Nem só de prêmios vive o cinema brasileiro, que mostrou mais vigor e consistência que a safra de Hollywood nos últimos meses. Por aqui, “Homem com H”, “Manas”, “Oeste Outra Vez”, “O Filho de Mil Homens”, “Apocalipse nos Trópicos” e “Os Enforcados” foram outros títulos elogiados por atestar a qualidade da produção local.
As bilheterias nacionais, porém, seguem baixas, embora este seja um problema universal. Exceções notáveis foram “Pecadores”, que triunfou com uma história original ao nadar contra a maré de continuações financeiramente seguras, e “Zootopia 2”, já no fim do ano.
Quem perdeu a oportunidade de faturar com um longa original foi a Netflix, dona de um dos maiores fenômenos do ano, a animação “Guerreiras do K-Pop”, que acabou indo direto para o streaming. Seu sucesso causou um movimento raro hoje em dia, e o longa ganhou exibições nas salas depois.
A maioria dos filmes ainda sofre com bilheterias minguadas, porém. É um cenário que pode piorar a curto prazo, após o anúncio de que a Netflix deve comprar a Warner Bros. e a HBO Max, entrando oficialmente no mercado tradicional de cinema.

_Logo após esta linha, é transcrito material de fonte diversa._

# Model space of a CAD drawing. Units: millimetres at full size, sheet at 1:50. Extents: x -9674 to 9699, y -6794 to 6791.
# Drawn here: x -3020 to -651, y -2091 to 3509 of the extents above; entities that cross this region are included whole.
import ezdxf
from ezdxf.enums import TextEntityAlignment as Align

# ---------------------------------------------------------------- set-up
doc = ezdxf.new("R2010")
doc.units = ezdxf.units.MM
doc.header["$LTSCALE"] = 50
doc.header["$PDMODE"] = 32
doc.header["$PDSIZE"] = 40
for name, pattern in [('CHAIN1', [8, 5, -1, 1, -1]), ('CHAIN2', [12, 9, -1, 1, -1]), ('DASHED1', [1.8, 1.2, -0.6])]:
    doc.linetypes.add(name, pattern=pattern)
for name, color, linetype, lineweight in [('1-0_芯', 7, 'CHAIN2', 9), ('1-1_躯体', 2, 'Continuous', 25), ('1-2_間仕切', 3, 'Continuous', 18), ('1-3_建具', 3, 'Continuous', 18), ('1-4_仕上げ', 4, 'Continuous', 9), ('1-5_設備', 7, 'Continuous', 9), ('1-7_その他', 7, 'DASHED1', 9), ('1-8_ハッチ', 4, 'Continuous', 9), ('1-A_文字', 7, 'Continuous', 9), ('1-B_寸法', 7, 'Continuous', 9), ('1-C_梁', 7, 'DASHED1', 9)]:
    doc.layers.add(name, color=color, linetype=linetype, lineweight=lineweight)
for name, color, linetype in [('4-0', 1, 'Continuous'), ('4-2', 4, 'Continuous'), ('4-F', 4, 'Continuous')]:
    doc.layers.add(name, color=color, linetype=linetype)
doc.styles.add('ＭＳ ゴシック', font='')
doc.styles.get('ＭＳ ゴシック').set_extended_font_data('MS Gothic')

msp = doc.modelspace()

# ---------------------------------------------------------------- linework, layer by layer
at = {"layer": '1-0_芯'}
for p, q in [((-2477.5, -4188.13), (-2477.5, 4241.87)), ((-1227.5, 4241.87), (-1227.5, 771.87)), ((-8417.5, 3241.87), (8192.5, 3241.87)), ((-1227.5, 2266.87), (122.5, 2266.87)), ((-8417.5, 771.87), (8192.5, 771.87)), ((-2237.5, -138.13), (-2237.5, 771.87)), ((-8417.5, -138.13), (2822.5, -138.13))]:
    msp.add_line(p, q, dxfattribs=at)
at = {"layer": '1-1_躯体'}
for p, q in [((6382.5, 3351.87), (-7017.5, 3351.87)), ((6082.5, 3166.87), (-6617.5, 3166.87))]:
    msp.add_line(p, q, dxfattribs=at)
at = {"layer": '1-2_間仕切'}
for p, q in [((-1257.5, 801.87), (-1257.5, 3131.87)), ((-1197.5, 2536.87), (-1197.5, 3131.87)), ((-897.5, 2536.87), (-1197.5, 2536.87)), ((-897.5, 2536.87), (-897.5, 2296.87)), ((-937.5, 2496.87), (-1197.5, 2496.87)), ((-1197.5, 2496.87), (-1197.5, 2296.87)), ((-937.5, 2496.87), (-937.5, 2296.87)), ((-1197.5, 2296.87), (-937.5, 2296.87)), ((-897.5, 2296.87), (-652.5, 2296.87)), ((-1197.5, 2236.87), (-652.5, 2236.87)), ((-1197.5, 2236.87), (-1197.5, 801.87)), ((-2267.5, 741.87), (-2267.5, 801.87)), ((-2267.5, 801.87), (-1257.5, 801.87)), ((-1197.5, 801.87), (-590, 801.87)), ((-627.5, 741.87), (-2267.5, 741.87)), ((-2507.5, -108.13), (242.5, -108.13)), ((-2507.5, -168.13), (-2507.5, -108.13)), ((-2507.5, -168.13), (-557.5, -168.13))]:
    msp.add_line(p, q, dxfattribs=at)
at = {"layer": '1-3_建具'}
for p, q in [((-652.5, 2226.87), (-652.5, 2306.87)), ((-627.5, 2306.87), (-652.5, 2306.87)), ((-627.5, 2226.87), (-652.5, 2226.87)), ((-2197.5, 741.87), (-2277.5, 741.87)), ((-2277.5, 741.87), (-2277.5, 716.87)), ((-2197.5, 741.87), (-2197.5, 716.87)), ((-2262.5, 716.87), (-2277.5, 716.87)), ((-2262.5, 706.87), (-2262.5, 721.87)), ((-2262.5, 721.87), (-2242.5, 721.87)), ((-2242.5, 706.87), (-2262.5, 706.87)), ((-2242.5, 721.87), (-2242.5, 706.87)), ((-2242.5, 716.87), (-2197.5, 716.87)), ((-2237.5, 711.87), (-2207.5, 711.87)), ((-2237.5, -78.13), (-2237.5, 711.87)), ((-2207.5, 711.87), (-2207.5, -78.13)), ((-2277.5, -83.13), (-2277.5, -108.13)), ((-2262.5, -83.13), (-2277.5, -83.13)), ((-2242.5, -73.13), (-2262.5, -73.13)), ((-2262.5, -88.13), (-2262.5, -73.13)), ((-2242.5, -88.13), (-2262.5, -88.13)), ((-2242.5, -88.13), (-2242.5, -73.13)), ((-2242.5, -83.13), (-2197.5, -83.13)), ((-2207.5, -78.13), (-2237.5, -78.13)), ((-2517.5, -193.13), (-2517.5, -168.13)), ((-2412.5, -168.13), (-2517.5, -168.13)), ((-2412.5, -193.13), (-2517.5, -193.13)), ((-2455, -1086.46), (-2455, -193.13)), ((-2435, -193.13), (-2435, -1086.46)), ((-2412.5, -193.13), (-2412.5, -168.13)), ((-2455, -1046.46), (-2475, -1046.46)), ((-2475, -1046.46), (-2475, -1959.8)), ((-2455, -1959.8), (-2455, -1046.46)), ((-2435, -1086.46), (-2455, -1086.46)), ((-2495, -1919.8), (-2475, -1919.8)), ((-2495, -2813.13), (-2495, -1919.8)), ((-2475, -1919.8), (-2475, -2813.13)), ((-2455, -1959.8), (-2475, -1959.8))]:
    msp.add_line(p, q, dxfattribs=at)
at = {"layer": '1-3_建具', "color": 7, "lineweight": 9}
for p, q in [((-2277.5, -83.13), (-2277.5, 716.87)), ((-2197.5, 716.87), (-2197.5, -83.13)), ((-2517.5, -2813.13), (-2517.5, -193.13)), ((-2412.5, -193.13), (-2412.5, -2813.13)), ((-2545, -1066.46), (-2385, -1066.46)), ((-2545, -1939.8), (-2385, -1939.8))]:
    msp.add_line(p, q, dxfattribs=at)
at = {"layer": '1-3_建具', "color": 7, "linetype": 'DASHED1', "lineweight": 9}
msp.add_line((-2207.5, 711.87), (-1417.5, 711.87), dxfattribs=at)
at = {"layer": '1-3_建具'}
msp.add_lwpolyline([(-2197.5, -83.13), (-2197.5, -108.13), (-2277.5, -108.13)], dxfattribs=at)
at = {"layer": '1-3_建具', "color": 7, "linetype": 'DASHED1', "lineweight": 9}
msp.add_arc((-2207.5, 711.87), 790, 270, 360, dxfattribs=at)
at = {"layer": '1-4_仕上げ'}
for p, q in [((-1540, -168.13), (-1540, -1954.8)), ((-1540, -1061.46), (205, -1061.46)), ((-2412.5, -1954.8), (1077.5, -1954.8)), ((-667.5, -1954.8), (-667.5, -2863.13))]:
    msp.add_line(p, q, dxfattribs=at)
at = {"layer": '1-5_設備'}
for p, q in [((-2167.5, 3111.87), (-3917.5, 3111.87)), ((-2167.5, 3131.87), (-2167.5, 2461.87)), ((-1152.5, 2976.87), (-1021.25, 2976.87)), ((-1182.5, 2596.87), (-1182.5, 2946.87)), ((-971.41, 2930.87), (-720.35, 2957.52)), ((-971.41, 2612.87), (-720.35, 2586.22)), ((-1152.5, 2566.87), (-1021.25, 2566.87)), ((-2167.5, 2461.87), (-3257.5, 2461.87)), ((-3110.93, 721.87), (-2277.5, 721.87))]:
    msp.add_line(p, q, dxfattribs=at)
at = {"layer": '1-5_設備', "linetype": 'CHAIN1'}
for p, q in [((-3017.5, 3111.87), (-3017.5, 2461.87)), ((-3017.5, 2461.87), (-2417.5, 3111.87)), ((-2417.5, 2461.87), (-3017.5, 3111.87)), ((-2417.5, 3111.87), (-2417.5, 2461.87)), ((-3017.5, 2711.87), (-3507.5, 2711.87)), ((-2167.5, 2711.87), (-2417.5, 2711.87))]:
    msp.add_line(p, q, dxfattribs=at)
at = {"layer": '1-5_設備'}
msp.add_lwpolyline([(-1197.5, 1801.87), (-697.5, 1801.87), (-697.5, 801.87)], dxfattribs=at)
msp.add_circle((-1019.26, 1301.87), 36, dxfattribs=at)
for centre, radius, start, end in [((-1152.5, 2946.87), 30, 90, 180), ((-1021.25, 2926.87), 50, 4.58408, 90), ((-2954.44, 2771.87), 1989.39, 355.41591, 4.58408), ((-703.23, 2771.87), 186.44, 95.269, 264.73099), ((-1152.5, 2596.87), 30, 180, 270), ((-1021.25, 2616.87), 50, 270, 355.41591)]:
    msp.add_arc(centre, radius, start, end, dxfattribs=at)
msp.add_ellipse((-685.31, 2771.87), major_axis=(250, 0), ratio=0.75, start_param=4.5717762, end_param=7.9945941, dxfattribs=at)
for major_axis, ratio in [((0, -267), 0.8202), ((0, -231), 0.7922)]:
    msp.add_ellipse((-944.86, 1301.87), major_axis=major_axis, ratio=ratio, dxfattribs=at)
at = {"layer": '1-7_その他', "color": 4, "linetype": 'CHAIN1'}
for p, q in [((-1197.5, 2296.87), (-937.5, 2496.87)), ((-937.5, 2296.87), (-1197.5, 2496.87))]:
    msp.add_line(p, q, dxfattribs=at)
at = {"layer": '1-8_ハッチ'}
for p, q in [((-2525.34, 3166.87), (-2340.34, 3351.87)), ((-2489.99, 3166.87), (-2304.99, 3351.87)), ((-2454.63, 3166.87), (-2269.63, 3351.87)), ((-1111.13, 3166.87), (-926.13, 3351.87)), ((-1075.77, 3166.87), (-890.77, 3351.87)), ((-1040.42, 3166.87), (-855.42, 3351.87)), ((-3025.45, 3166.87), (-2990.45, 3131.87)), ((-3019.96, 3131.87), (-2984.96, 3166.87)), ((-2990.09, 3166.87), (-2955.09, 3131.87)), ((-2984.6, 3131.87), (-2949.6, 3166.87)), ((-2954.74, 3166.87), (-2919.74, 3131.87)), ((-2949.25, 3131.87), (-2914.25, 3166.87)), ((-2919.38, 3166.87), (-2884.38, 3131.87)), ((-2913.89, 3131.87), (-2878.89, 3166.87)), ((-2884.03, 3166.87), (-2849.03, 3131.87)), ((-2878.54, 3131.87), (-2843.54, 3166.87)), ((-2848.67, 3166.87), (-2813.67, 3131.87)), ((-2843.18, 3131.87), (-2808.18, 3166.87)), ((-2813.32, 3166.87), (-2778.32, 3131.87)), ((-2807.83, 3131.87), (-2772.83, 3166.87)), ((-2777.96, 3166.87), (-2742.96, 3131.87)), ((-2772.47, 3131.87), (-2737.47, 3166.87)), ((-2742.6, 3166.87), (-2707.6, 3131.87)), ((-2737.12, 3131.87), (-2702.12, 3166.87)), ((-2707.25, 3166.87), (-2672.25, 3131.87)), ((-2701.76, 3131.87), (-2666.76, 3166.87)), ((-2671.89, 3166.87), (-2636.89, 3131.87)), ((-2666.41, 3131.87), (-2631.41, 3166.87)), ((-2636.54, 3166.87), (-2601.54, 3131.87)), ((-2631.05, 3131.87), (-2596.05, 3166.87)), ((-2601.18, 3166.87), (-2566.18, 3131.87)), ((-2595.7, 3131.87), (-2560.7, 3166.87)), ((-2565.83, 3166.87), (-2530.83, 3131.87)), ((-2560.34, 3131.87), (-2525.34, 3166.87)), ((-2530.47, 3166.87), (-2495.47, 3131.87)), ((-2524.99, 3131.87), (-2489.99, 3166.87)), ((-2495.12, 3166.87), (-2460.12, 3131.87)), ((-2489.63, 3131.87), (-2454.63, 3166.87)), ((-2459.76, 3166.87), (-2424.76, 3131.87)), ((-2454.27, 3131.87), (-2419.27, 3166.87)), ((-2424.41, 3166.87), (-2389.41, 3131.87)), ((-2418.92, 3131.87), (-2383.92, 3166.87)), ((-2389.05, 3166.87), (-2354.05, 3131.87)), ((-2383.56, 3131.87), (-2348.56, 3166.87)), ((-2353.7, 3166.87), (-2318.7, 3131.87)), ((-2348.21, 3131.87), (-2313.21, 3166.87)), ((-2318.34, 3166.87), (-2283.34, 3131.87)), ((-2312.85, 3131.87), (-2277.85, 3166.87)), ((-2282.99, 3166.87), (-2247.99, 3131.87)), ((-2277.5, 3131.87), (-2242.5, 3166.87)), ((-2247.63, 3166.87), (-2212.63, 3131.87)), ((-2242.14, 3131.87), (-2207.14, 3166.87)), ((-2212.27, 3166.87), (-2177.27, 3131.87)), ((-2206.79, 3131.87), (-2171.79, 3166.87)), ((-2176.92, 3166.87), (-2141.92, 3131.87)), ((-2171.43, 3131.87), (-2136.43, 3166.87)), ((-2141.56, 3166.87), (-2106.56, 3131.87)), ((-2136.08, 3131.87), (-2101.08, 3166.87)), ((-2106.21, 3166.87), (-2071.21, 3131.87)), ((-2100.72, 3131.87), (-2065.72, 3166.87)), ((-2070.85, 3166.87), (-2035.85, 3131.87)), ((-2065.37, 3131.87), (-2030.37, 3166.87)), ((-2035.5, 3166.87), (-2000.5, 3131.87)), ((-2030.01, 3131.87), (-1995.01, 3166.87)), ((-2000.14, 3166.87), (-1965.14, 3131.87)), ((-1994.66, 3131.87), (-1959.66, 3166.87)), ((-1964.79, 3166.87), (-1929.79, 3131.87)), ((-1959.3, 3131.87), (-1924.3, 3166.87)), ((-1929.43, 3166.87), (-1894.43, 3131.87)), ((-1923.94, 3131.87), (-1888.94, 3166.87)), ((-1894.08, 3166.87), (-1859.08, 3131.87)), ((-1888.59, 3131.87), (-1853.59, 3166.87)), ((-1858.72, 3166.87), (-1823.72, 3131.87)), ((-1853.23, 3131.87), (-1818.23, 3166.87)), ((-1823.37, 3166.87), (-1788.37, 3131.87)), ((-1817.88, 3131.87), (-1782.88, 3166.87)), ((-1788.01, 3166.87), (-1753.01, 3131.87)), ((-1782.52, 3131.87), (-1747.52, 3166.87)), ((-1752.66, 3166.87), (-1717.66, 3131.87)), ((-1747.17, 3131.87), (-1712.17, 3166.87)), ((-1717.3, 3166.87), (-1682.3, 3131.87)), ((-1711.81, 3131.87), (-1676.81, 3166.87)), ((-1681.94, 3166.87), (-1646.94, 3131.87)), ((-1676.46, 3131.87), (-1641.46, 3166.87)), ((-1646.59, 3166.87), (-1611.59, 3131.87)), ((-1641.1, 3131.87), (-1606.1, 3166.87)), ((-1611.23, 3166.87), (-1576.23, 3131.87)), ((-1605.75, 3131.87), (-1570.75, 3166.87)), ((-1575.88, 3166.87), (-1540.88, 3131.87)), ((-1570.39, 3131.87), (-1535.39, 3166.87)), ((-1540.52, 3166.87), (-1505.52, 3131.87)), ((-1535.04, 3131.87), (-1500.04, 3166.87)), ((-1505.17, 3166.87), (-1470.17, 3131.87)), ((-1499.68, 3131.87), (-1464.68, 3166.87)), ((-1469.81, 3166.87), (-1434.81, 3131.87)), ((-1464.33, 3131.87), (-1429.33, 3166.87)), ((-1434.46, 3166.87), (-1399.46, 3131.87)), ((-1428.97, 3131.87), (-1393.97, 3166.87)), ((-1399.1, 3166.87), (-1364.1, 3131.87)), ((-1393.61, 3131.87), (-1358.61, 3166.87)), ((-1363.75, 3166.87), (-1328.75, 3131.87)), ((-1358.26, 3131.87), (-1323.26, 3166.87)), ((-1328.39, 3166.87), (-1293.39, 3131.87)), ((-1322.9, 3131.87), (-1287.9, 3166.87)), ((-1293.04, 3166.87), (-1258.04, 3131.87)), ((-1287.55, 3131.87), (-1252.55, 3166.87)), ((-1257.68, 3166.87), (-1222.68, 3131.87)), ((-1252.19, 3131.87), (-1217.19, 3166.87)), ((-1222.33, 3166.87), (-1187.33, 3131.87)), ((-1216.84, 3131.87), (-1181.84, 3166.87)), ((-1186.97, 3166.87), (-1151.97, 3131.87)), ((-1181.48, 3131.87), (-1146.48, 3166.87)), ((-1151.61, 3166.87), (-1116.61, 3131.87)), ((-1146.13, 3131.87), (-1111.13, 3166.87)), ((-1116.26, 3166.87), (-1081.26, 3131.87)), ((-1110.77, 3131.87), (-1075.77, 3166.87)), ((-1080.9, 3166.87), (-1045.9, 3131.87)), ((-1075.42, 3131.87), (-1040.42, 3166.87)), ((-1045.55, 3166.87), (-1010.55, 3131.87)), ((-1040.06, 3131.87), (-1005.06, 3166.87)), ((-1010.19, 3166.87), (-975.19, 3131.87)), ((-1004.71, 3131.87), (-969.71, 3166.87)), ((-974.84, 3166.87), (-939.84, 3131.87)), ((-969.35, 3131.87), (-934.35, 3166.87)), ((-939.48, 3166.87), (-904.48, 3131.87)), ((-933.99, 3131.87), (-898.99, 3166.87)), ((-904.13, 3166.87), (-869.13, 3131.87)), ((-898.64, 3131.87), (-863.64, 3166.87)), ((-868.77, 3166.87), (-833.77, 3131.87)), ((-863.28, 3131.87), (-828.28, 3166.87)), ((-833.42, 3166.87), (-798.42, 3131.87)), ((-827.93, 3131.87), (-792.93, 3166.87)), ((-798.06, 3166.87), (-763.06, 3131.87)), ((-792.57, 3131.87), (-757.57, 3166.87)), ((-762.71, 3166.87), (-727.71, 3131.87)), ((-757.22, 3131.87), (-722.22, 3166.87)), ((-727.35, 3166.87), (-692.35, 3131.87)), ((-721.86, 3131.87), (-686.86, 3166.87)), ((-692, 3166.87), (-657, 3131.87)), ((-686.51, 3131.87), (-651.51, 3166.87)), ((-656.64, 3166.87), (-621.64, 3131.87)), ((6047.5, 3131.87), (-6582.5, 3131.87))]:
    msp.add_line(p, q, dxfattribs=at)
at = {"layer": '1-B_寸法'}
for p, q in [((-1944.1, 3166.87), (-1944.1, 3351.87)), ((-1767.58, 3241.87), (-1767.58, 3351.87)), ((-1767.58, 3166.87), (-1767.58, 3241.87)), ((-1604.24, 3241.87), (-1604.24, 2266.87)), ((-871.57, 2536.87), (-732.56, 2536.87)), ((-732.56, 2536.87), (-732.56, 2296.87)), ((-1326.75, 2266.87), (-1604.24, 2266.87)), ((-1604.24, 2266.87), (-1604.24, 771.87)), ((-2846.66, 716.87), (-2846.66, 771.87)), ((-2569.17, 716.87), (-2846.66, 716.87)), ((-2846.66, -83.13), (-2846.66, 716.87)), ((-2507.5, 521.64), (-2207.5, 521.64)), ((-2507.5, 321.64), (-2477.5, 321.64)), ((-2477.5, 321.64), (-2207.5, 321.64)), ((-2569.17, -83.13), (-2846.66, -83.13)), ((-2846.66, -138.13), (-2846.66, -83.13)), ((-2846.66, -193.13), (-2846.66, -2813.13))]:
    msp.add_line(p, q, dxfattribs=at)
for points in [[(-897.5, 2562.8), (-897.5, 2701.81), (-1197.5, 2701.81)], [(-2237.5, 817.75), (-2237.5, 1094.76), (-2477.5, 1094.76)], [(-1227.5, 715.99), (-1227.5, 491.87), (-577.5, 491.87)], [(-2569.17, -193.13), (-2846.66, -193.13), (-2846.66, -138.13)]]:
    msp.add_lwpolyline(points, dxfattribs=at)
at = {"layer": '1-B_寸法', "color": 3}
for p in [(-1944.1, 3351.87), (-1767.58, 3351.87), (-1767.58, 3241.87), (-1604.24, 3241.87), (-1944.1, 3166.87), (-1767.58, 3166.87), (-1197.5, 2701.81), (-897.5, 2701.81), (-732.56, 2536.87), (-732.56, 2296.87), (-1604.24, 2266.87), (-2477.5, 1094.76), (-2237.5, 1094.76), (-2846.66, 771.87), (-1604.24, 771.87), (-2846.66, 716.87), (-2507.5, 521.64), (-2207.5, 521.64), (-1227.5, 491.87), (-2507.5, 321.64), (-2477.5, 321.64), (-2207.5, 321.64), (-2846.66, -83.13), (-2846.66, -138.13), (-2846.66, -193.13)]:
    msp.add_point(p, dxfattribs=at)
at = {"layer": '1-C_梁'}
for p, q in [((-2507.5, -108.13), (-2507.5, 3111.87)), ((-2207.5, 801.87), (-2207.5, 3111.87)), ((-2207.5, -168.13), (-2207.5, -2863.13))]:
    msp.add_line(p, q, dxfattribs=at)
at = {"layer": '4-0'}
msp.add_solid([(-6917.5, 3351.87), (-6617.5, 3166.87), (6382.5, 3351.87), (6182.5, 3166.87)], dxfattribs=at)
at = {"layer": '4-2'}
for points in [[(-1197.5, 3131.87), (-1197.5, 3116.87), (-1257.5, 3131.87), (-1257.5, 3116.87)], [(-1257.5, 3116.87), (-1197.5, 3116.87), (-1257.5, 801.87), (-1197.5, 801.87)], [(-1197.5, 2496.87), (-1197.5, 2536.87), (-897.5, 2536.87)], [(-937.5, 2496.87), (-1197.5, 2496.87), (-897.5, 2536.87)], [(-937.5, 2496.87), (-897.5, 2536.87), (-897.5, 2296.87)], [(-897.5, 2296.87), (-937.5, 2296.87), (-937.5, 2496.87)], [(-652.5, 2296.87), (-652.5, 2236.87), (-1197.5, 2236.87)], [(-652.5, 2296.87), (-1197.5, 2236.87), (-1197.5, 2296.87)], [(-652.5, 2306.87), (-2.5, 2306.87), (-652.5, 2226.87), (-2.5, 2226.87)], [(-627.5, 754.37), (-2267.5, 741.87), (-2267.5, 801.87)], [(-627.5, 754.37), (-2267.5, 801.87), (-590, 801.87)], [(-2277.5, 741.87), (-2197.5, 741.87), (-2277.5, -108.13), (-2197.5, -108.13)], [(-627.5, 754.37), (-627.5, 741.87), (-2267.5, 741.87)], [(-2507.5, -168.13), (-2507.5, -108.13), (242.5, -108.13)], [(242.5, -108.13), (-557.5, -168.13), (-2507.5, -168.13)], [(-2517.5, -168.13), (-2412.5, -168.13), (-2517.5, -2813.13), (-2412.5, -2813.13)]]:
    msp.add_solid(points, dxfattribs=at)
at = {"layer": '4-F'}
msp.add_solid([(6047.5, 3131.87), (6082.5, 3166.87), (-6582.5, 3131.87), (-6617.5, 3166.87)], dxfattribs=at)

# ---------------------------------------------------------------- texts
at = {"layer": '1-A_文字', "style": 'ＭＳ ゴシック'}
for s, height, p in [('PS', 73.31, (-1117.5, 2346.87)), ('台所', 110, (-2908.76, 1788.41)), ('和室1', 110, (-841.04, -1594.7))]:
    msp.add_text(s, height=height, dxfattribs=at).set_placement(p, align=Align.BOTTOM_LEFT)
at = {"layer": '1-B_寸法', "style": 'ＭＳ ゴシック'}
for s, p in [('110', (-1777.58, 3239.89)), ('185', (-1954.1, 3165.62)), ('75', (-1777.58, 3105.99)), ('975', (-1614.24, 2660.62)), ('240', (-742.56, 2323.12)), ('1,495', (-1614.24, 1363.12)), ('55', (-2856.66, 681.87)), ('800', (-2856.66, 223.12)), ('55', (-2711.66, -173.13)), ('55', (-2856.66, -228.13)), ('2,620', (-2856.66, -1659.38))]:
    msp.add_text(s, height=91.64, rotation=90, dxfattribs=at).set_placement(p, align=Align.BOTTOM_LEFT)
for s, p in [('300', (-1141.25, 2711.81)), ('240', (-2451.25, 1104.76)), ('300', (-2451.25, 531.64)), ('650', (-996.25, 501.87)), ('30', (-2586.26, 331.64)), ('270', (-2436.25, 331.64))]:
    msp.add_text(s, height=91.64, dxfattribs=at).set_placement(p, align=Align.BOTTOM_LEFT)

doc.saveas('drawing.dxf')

A preocupação de produtores e outros profissionais da indústria está relacionada ao baixo compromisso da Netflix com a cultura cinematográfica -a plataforma não costuma priorizar a exibição em cinemas, e defende que o conteúdo deve chegar onde o público está.
A notícia resume o que foi um ano turbulento para a cinefilia americana, que ainda teve que lidar com interferências e ataques do presidente Donald Trump. Logo no começo de 2025, o republicano ameaçou taxar filmes e séries que não fossem gravados em solo americano, numa resposta torpe à fuga de produções dos Estados Unidos.
Diante de uma escalada de preços para filmar no país -em especial em Los Angeles, meca do cinema-, pequenos e grandes estúdios vêm recorrendo a terras estrangeiras para montar seus sets de filmagem. Trump usou o protecionismo como bandeira, mas o tiro saiu pela culatra, e membros da indústria disseram que a ideia pioraria o cenário. Até agora, a promessa não saiu da rede social pessoal do presidente, a Truth Social.
A investida do republicano contra o setor cultural, porém, teve efeitos práticos em Hollywood. Os estúdios têm evitado queimar seu filme com Trump, já que dependem do governo em negociações internacionais relativas à regulamentação do streaming e também para a aprovação de fusões, como a da Paramount e Skydance, finalizada em agosto. A união entre as duas empresas aconteceu com a bênção do presidente.
Em contrapartida, a Paramount vêm silenciado produções críticas ao presidente americano. Mesmo filmes de outros estúdios preferiram não destrinchar assuntos polêmicos em suas tramas para agradar ao público mais conservador, como foi o caso de “Wicked: Parte 2”, “Quarteto Fantástico: Primeiros Passos” e “Elio”, animação da Pixar acusada até de suprimir características queer de seu protagonista.
Exceções foram “Uma Batalha Após a Outra”, “Eddington” e “Bugonia”, filmes vocais em relação à crise social que aprofunda a polarização nos Estados Unidos. Se foi camuflado em Hollywood, aliás, o clima de mal-estar político dominou o Festival de Cannes, com produções sobre a guerra em Gaza e o autoritarismo crescente no mundo, como “Foi Apenas um Acidente”, coroado com a Palma de Ouro. Também houve manifestações vocais de artistas como Robert De Niro e Wes Anderson contra Trump.
Apesar da tensão no ar, a equipe de “O Agente Secreto” desfilou pela avenida Croisette ao som do frevo pernambucano. Se as indicações do filme ao Oscar se concretizarem em janeiro, é provável que o Brasil comece o ano com uma nova festa.